JB: Was "Twin Peaks" your first deal? Special Agent Denise Bryson?

DD: That was early! In fact, I have a story about that involving my father — he underwent heart surgery right around that time, and he was up here, and it was airing right when my dad was recovering. He had the tubes down his throat, he was unconscious, and I went to see him and there was a yellow pad, a legal pad by his bed, where he was writing his wishes, or whatever, because he couldn’t speak. I saw that he had written, 'I’m thirsty,' 'My feet are cold,' 'My son plays a transvestite on television.' I’m sure they were like, 'Oh, who has been giving him the morphine?'

JB: I love that line in "Twin Peaks" where Agent Denise Bryson says to Dale Cooper, 'Coop, I still put my panties on one leg at a time, if you know what I mean.' and Coop says, 'Not really.'

DD: [Laughs] Not really. In the last run of "Twin Peaks" there was a great line where David Lynch says to me, in his character, that he told the other guys at the bureau to accept me, and said, 'Those clown something-or-others better fix their hearts or die.' It was a great line.

JB: In this line from "Miss Subways," you talk about how things have changed in the “age of Trump” — Margery suffers from Trump Derangement Syndrome —

ME: I do, guilty as charged.

DD: DTS?

JB: Do you suffer from it?

DD: No, because there is no derangement, I see it very clearly.

JB: What do you see?

DD: Oh, it’s the worst thing that could happen. I don’t know if we need to explain it, we just need to get rid of it. I think we can talk about… whatever, he’s there. He’s a cancer on the country, he has to be removed.

ME: You write that so much of New York is involved in “looking away.” Tell people what you meant by that.

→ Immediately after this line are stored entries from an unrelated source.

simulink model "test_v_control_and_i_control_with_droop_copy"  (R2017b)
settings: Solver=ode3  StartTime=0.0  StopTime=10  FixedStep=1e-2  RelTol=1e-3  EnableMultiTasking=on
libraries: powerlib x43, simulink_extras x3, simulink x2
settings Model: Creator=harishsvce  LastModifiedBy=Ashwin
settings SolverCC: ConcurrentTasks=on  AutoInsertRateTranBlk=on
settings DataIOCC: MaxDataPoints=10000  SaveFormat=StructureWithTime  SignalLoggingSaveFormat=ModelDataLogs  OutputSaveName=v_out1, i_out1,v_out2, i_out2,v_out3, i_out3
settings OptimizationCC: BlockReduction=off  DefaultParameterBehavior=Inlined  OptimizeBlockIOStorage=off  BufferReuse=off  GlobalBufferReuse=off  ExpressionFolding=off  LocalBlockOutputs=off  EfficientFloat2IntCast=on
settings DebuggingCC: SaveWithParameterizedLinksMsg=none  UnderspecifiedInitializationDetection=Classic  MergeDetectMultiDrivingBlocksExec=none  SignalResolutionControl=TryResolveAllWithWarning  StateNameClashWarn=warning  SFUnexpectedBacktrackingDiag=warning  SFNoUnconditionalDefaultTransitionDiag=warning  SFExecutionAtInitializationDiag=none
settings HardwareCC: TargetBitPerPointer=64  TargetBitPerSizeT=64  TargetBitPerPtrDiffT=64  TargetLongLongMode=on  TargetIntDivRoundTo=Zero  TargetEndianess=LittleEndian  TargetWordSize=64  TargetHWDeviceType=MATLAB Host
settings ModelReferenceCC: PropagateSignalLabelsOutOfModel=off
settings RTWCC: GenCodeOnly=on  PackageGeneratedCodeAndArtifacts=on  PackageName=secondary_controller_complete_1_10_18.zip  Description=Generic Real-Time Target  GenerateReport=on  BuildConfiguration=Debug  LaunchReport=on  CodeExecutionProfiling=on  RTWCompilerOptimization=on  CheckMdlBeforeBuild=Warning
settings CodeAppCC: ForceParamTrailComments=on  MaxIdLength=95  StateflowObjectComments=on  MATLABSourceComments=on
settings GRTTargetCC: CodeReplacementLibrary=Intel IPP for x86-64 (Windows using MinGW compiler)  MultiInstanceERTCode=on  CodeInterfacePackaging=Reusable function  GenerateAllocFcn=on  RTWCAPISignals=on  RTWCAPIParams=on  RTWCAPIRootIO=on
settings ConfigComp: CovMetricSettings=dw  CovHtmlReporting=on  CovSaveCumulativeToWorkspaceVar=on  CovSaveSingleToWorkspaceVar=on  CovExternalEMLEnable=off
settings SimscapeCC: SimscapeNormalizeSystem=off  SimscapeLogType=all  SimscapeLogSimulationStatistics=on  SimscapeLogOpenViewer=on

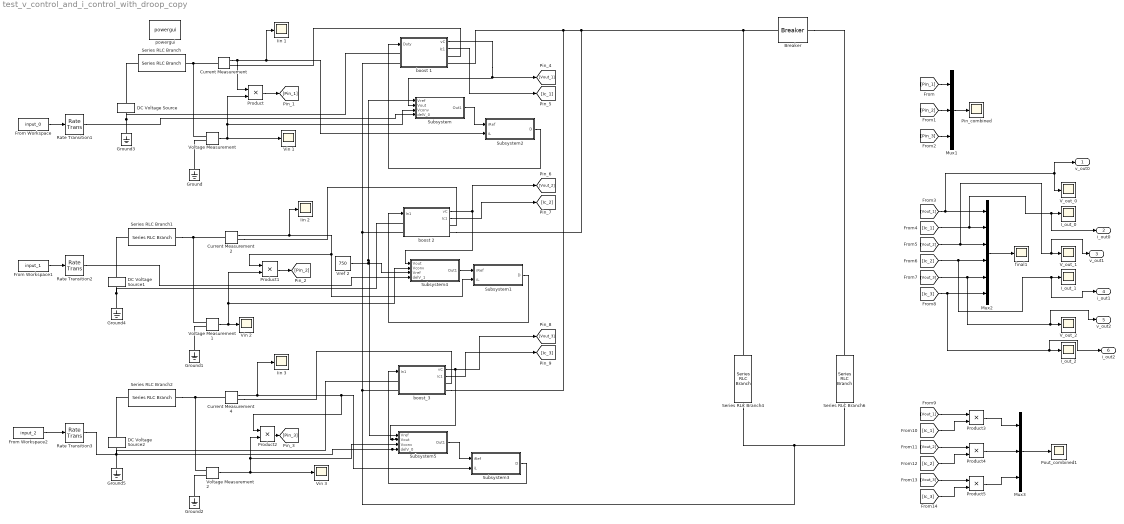
== system test_v_control_and_i_control_with_droop_copy ==
  Breaker : powerlib/Elements/Breaker  InitialState=0  SwitchingTimes=[2]  External=off  BreakerResistance=0.01  SnubberResistance=1e6  SnubberCapacitance=inf  Measurements=None  MoreParameters=on  NoBreakLoop=off
      settings: SourceProductName=Simscape Power Systems
  Current Measurement : powerlib/Measurements/Current Measurement  PhasorSimulation=off  OutputType=Complex  PSBequivalent=0
  Current Measurement2 : powerlib/Measurements/Current Measurement  PhasorSimulation=off  OutputType=Complex  PSBequivalent=0
  Current Measurement4 : powerlib/Measurements/Current Measurement  PhasorSimulation=off  OutputType=Complex  PSBequivalent=0
  DC Voltage Source : powerlib/Electrical Sources/DC Voltage Source  Amplitude=200  Measurements=None
  DC Voltage Source1 : powerlib/Electrical Sources/DC Voltage Source  Amplitude=200  Measurements=None
  DC Voltage Source2 : powerlib/Electrical Sources/DC Voltage Source  Amplitude=200  Measurements=None
  From Workspace : FromWorkspace  VariableName=input_0  SampleTime=0.01
  From Workspace1 : FromWorkspace  VariableName=input_1  SampleTime=0.01
  From Workspace2 : FromWorkspace  VariableName=input_2  SampleTime=0.01
  Ground{,1..5} (6 alike) : powerlib/Elements/Ground  LConnTagsString=a
  I_out_0 : Scope
  I_out_1 : Scope
  I_out_2 : Scope
  Iin 1 : Scope
  Iin 2 : Scope
  Iin 3 : Scope
  Mux1 : Mux  Inputs=3
  Mux2 : Mux  Inputs=6
  Mux3 : Mux  Inputs=3
  Pin_combined : Scope
  Pout_combined1 : Scope
  Product{,1..5} (6 alike) : Product
  Rate Transition1 : RateTransition  OutPortSampleTime=0.01
  Rate Transition2 : RateTransition  OutPortSampleTime=0.01
  Rate Transition3 : RateTransition  OutPortSampleTime=0.01
  Series RLC Branch : powerlib/Elements/Series RLC Branch  LConnTagsString=__new0  RConnTagsString=__new0  BranchType=R  Resistance=0.001  Inductance=0  SetiL0=on  InitialCurrent=0  Capacitance=1e-6  Setx0=off  InitialVoltage=0  Measurements=None
  Series RLC Branch1 : powerlib/Elements/Series RLC Branch  LConnTagsString=__new0  RConnTagsString=__new0  BranchType=R  Resistance=0.001  Inductance=0  SetiL0=on  InitialCurrent=0  Capacitance=1e-6  Setx0=off  InitialVoltage=0  Measurements=None
  Series RLC Branch2 : powerlib/Elements/Series RLC Branch  LConnTagsString=__new0  RConnTagsString=__new0  BranchType=R  Resistance=0.001  Inductance=0  SetiL0=on  InitialCurrent=0  Capacitance=1e-6  Setx0=off  InitialVoltage=0  Measurements=None
  Series RLC Branch4 : powerlib/Elements/Series RLC Branch  LConnTagsString=__new0  RConnTagsString=__new0  BranchType=R  Resistance=28.125*2  Inductance=5e-3  SetiL0=on  InitialCurrent=0  Capacitance=1e-6  Setx0=off  InitialVoltage=0  Measurements=None
  Series RLC Branch6 : powerlib/Elements/Series RLC Branch  LConnTagsString=__new0  RConnTagsString=__new0  BranchType=R  Resistance=56.25*2  Inductance=5e-3  SetiL0=on  InitialCurrent=0  Capacitance=1e-6  Setx0=off  InitialVoltage=0  Measurements=None
  Subsystem : Subsystem
  Subsystem1 : Subsystem
  Subsystem2 : Subsystem
  Subsystem3 : Subsystem
  Subsystem4 : Subsystem
  Subsystem5 : Subsystem
  V_out_0 : Scope
  V_out_1 : Scope
  V_out_2 : Scope
  Vin 1 : Scope
  Vin 2 : Scope
  Vin 3 : Scope
  Voltage Measurement : powerlib/Measurements/Voltage Measurement  PhasorSimulation=off  OutputType=Complex  PSBequivalent=0
  Voltage Measurement1 : powerlib/Measurements/Voltage Measurement  PhasorSimulation=off  OutputType=Complex  PSBequivalent=0
  Voltage Measurement2 : powerlib/Measurements/Voltage Measurement  PhasorSimulation=off  OutputType=Complex  PSBequivalent=0
  Vref 2 : Constant  Value=750
  "boost 1 " : Subsystem
  boost 2 : Subsystem
  boost_3 : Subsystem
  final1 : Scope
  powergui : powerlib/powergui  Priority=1  SimulationMode=Discrete  SampleTime=1e-2  frequency=60  Iterations=50  frequencyindice=0  Pbase=100e6  ErrMax=1e-4  UnitsV=kV  UnitsW=MW  buscounter=0  FunctionMessages=off  echomessages=off  EnableUseOfTLC=off  CurrentSourceSwitches=off  DisableSnubberDevices=off  DisableRonSwitches=off  DisableVfSwitches=off  DisplayEquations=off  SolverType=Tustin/Backward Euler (TBE)  Interpol=off  ExternalGateDelay=off  methode=off  Ts=10  x0status=blocks  SPID=on  SwTol=0  HookPort=off  RestoreLinks=warning  ResistiveCurrentMeasurement=off  Frange=[0:2:500]  Ylog=off  Xlog=on  ShowGrid=off  save=off  variable=ZData  structure=0  ZoomFFT=off  StartTime=0.0  cycles=1  DisplayStyle=1  fundamental=60  FreqAxis=off  MaxFrequency=1000  frequencyindicesteady=1  RmsSteady=1  display=off
  v_out0 : Outport
  i_out0 : Outport  Port=2
  v_out1 : Outport  Port=3
  i_out1 : Outport  Port=4
  v_out2 : Outport  Port=5
  i_out2 : Outport  Port=6
  wires:
  Current Measurement/1 -> Subsystem2/2(iL), Iin 1/1, Product/1
  "boost 1 "/1(vC) -> Subsystem/2(Vout), [Vout_1]
  Current Measurement4/1 -> Subsystem3/2(iL), Product2/1, Iin 3/1
  Vref 2/1 -> Subsystem5/1(Vref), Subsystem/1(Vref), Subsystem4/3(Vref)
  "boost 1 "/2(Ic1) -> [Ic_1]
  boost 2/2(Ic1) -> [Ic_2]
  boost_3/2(Ic1) -> [Ic_3]
  boost 2/1(vC) -> Subsystem4/1(Vout), [Vout_2]
  Subsystem/1(Out1) -> Subsystem2/1("iRef ")
  Subsystem2/1("D ") -> "boost 1 "/1(Duty)
  Subsystem4/1(Out1) -> Subsystem1/1("iRef ")
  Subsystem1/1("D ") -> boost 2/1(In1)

DD: There’s so much stimulus… there’s so much sadness, there’s so much poverty, there’s so much pain. To walk down the street, if you were to open yourself to it — in any city, but New York, especially, you have to look away or else you would explode, in either empathy or lack of empathy and blame yourself.

JB: Can we talk "X-Files" for a second? I worried for you, even though you may not have worried for yourself, that you were Mulder forever and could transcend. Did that not worry you?

DD: It did for awhile, I think it did towards the end of the first run. I was just itching to go out and prove myself in other things. It was something that was brought up to me from time to time, but on the inside I never really had that thought because I just didn’t think it was true. I thought well, maybe it will happen, but that doesn’t mean it was true. I knew that I could do other things, I knew that I wanted to do other things, so I would just think, let’s just wait and then we’ll have that discussion.

ME: When you were in "X-Files" or "Sex and the City," television was on when it was on, people had to tune in… now we’ve got Netflix and Amazon and HBO, is this a good thing for the people who work in the industry?

DD: Oh yeah, it’s the heyday of content. There’s so many vendors, there are so many ways to consume content that there’s not enough content. It’s going to be hard to get a consensus, it’s going to be hard to have a hit the way you used to have a hit because it’s too scattered, it’s too attenuated. So sure, it’ll be hard… it won’t be hard to make money, it’ll be hard to make a lot of money. In the end I think it’s good that a lot of people will be making decent money.